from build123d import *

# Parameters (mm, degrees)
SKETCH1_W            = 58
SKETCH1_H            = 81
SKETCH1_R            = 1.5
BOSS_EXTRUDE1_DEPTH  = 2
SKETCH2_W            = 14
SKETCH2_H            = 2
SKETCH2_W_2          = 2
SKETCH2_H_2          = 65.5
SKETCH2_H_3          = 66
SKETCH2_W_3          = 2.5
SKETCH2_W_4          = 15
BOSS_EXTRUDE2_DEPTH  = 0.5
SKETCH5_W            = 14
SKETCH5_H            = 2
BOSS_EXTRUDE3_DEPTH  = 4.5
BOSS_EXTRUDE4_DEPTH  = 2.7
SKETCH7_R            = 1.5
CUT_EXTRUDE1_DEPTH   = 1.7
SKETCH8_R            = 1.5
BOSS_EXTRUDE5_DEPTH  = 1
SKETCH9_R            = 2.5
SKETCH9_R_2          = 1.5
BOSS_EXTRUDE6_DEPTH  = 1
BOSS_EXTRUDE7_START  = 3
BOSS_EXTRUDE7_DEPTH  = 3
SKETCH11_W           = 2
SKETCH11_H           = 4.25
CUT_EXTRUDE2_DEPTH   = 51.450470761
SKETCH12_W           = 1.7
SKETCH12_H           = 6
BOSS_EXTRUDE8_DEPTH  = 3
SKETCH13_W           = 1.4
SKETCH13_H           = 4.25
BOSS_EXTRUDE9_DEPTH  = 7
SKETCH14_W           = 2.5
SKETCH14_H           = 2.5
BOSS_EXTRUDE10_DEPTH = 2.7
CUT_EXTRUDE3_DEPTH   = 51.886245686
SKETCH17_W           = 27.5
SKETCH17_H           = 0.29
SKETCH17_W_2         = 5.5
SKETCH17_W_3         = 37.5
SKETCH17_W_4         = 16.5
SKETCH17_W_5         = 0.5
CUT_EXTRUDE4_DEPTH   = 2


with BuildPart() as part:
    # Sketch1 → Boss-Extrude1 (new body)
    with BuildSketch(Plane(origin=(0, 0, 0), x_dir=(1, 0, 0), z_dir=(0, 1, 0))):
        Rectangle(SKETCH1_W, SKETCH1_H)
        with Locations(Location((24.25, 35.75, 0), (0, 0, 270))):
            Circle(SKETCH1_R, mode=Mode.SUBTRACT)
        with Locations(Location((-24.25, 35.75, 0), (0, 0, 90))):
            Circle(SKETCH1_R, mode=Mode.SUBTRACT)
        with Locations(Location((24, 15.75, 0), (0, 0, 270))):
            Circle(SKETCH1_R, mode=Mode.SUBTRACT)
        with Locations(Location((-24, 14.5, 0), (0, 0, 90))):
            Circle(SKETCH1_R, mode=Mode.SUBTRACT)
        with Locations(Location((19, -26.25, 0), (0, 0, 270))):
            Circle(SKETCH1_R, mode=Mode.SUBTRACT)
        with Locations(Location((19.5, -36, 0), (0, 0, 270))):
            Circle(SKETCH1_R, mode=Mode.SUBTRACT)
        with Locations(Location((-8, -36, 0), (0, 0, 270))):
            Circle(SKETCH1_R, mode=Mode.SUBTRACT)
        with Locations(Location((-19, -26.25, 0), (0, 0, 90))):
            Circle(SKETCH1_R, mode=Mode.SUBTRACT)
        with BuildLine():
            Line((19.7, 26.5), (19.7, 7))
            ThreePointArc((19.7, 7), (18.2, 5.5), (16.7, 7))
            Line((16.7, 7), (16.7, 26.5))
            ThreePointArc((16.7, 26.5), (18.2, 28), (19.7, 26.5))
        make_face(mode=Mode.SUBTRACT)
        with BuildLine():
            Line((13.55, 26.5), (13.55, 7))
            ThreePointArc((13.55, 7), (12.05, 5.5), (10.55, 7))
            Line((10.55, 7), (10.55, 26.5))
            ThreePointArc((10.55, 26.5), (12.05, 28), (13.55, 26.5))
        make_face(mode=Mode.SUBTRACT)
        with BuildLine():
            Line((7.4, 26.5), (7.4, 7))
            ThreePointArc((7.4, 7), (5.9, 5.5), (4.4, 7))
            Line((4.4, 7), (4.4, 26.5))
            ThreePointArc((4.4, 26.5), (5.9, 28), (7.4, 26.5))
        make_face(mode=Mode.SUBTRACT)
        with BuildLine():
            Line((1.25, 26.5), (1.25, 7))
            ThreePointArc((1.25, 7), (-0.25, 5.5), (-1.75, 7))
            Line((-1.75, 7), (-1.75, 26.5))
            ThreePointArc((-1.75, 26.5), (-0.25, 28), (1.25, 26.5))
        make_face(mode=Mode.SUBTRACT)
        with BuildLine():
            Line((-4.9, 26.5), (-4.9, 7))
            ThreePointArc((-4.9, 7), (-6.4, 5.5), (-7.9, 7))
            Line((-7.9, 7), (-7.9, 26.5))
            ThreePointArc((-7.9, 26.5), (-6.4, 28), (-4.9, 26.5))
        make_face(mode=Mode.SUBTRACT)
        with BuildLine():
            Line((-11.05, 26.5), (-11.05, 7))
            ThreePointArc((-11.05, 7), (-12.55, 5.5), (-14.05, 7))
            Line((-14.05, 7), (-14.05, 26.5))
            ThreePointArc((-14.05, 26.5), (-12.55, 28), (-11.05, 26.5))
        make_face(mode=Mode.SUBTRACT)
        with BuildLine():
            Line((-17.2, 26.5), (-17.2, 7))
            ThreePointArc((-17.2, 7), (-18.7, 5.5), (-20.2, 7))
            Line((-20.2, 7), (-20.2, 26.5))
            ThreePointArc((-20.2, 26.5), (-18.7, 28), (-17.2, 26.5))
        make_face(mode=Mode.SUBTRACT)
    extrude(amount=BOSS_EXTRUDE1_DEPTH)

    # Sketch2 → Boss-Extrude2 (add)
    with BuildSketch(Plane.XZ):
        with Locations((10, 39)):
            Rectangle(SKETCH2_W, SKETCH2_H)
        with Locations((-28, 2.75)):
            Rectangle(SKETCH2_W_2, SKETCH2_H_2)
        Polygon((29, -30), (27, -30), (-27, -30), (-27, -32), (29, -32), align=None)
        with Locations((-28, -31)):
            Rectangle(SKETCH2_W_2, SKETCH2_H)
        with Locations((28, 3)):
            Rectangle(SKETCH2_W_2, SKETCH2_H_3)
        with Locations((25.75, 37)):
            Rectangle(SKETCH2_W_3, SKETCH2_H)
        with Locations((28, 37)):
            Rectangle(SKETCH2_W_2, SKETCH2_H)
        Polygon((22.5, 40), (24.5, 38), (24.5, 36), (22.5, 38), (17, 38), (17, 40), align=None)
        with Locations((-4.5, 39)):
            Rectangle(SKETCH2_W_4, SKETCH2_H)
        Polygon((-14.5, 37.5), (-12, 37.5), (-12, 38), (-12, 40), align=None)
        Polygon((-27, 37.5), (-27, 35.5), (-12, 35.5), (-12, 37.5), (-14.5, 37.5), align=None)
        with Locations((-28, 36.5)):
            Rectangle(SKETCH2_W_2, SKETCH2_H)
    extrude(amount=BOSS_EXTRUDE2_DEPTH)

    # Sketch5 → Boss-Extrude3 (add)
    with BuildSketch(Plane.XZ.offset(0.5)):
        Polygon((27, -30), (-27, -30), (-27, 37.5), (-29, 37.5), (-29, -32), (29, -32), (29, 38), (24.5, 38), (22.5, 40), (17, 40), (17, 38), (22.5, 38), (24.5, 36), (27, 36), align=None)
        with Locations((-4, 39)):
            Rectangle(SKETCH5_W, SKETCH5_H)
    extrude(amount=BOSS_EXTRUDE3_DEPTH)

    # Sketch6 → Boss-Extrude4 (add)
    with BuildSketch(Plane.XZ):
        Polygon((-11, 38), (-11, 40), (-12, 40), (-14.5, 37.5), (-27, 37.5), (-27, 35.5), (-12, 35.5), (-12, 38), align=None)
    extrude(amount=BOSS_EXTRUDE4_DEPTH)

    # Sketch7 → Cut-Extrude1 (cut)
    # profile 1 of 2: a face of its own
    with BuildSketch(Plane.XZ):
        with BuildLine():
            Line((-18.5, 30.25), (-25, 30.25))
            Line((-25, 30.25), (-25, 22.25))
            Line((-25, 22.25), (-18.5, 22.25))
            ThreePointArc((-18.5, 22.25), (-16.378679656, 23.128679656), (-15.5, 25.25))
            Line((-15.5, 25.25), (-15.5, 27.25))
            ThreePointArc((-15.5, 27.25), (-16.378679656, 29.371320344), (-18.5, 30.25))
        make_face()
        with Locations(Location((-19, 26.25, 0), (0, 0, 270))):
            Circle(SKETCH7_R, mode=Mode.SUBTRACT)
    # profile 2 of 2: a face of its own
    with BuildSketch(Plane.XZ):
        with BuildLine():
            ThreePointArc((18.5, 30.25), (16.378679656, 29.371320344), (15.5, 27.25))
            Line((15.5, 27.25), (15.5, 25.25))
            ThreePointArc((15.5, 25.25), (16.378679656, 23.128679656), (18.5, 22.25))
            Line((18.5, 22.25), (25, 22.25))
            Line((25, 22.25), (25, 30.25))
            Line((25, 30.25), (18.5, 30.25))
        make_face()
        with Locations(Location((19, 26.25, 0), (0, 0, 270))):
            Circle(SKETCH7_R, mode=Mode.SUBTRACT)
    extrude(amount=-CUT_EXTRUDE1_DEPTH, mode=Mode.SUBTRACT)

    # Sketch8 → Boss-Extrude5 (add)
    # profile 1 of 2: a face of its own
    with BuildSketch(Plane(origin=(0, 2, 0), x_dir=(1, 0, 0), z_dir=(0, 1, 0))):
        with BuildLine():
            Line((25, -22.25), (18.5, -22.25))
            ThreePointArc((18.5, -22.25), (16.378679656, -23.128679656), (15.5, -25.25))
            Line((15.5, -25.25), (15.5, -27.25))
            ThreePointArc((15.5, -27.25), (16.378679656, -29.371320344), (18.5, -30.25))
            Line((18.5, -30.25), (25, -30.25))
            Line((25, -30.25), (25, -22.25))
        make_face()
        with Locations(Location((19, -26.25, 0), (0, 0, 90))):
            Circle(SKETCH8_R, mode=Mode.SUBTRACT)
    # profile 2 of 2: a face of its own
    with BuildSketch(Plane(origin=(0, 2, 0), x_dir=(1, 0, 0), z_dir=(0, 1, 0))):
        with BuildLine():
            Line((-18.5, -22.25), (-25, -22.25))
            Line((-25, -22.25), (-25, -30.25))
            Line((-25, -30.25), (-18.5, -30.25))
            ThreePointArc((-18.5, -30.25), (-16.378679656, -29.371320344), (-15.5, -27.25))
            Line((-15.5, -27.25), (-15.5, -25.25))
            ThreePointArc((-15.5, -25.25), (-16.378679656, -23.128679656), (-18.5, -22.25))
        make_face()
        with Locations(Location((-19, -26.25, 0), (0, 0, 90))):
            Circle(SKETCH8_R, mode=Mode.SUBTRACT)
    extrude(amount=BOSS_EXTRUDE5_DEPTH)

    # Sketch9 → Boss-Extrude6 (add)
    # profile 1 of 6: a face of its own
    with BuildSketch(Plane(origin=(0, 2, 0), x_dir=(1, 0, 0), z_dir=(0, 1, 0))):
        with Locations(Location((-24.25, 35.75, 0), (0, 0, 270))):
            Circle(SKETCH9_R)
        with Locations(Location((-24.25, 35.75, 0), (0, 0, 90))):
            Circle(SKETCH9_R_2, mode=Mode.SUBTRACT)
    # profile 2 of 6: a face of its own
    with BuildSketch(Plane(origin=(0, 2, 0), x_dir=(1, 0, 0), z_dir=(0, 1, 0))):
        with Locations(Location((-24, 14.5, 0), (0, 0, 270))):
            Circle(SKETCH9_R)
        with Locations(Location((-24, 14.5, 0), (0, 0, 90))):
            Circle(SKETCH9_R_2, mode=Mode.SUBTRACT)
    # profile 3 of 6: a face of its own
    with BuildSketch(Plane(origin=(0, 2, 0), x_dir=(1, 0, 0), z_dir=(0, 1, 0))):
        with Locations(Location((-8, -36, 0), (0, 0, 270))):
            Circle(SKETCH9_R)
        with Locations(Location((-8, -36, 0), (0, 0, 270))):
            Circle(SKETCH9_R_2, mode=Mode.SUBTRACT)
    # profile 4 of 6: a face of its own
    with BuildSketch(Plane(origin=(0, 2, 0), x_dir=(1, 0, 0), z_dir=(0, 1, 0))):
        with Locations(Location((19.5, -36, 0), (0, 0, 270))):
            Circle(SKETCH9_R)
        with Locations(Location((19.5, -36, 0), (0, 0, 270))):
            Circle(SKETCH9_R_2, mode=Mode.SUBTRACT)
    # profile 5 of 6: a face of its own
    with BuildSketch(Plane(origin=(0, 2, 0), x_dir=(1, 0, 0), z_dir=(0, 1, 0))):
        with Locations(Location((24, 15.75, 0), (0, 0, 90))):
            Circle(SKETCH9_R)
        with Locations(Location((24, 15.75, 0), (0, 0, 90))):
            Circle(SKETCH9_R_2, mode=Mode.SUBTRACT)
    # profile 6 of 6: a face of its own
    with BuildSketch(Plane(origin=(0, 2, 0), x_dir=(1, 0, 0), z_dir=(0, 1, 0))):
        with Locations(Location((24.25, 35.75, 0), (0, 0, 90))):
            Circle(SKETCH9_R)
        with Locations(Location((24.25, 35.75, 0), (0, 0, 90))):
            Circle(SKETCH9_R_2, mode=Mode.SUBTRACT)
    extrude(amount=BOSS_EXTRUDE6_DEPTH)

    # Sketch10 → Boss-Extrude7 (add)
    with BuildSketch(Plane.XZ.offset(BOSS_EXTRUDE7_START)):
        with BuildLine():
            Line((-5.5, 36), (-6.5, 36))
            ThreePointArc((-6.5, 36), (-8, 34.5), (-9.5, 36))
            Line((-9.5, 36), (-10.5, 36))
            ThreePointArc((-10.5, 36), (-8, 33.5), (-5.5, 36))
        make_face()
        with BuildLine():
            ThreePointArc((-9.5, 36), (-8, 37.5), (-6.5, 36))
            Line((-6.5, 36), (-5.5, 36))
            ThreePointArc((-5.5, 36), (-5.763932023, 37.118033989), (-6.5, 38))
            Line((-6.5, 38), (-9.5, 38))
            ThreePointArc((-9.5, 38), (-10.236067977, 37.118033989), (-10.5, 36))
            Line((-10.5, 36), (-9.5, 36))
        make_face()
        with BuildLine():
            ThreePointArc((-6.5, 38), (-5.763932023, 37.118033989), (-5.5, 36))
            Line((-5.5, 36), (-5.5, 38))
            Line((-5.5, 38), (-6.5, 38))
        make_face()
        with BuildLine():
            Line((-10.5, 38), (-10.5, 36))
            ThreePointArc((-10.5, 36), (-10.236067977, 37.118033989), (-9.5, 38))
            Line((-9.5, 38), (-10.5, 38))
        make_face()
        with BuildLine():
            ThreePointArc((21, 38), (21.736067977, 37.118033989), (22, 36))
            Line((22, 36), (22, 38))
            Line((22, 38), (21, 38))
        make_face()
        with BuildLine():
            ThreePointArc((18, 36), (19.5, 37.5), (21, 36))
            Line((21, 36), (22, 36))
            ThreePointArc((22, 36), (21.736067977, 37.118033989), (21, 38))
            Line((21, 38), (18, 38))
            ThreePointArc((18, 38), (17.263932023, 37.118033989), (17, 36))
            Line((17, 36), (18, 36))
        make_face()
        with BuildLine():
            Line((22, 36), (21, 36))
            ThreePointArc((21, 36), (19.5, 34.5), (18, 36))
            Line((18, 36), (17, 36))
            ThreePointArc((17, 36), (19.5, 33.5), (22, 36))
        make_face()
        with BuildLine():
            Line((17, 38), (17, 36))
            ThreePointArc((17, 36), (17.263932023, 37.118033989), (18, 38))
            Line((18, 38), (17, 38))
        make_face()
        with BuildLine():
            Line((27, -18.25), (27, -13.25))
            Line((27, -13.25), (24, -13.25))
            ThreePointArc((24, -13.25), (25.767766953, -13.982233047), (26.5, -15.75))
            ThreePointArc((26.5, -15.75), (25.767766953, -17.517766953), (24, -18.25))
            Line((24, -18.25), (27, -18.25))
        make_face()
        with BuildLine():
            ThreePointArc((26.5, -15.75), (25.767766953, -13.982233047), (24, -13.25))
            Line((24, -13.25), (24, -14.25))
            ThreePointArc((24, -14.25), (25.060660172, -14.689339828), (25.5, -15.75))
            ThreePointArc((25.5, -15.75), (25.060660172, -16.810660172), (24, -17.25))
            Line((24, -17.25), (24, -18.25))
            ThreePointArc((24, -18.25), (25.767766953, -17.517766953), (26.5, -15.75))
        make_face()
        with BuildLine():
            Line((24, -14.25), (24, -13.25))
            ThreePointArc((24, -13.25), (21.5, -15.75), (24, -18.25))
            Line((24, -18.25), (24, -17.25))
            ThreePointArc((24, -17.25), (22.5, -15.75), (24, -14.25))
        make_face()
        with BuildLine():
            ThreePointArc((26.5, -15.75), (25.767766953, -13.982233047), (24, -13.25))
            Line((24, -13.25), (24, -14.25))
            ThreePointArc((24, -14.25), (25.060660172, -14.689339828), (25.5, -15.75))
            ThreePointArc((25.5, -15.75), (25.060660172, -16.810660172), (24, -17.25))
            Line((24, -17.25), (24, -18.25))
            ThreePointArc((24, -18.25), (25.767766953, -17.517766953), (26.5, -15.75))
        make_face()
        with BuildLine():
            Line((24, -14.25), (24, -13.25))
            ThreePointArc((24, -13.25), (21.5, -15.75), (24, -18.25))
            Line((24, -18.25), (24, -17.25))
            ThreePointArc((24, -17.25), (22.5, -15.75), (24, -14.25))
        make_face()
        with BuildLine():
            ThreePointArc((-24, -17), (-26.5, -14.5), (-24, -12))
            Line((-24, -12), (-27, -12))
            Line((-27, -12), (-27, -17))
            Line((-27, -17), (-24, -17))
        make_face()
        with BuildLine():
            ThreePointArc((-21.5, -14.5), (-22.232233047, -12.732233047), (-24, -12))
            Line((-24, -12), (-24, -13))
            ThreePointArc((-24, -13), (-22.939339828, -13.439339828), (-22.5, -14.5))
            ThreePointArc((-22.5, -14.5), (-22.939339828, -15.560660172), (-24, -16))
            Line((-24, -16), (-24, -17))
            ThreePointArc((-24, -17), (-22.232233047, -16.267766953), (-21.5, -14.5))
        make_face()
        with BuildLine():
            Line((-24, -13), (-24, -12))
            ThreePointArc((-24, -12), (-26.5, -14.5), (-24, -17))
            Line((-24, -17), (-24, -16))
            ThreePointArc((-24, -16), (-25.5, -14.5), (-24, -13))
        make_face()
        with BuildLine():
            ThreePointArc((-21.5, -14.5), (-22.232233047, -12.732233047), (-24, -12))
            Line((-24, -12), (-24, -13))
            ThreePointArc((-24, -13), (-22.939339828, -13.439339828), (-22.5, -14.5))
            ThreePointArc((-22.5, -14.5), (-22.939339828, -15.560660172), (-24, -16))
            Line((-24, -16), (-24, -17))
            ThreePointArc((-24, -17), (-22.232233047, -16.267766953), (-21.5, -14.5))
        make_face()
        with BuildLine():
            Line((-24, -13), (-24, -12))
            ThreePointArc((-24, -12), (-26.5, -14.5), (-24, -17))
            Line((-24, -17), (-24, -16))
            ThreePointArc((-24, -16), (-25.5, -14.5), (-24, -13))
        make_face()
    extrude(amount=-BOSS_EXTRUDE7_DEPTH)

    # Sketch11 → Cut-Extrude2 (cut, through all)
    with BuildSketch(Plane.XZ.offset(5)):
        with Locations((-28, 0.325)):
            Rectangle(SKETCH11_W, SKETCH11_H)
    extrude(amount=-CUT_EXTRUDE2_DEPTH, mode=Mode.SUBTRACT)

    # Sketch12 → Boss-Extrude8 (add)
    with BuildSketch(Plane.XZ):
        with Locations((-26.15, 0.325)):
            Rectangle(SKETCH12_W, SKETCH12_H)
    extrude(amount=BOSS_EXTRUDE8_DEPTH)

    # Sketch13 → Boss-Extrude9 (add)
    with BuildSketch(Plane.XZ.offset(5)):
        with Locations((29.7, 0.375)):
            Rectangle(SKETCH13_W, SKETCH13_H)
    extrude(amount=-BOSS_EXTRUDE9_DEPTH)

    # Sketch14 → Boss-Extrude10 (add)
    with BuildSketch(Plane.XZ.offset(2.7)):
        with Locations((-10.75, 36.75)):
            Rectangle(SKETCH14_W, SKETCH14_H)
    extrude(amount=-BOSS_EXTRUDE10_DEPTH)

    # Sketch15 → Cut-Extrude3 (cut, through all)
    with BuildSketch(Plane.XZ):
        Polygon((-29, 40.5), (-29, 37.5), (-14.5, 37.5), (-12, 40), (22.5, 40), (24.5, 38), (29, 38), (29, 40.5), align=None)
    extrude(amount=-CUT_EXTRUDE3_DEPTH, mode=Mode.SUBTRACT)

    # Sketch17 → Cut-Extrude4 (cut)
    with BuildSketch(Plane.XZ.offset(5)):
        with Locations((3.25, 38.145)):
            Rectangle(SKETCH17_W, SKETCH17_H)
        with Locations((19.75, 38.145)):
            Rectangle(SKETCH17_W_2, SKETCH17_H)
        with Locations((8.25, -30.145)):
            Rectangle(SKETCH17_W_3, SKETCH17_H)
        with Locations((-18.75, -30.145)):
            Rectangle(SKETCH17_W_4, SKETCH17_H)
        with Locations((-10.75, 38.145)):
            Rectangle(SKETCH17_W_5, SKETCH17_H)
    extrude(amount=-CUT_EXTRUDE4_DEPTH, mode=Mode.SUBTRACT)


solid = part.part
__________________________________________________
# Problem to work on:
Using only the listing above, restate exactly the lines from the line containing "Line((16.7, 7), (16.7, 26.5))" through the line containing "Line((-4.9, 26.5), (-4.9, 7))", both included.

# Solution for this exercise:
            Line((16.7, 7), (16.7, 26.5))
            ThreePointArc((16.7, 26.5), (18.2, 28), (19.7, 26.5))
        make_face(mode=Mode.SUBTRACT)
        with BuildLine():
            Line((13.55, 26.5), (13.55, 7))
            ThreePointArc((13.55, 7), (12.05, 5.5), (10.55, 7))
            Line((10.55, 7), (10.55, 26.5))
            ThreePointArc((10.55, 26.5), (12.05, 28), (13.55, 26.5))
        make_face(mode=Mode.SUBTRACT)
        with BuildLine():
            Line((7.4, 26.5), (7.4, 7))
            ThreePointArc((7.4, 7), (5.9, 5.5), (4.4, 7))
            Line((4.4, 7), (4.4, 26.5))
            ThreePointArc((4.4, 26.5), (5.9, 28), (7.4, 26.5))
        make_face(mode=Mode.SUBTRACT)
        with BuildLine():
            Line((1.25, 26.5), (1.25, 7))
            ThreePointArc((1.25, 7), (-0.25, 5.5), (-1.75, 7))
            Line((-1.75, 7), (-1.75, 26.5))
            ThreePointArc((-1.75, 26.5), (-0.25, 28), (1.25, 26.5))
        make_face(mode=Mode.SUBTRACT)
        with BuildLine():
            Line((-4.9, 26.5), (-4.9, 7))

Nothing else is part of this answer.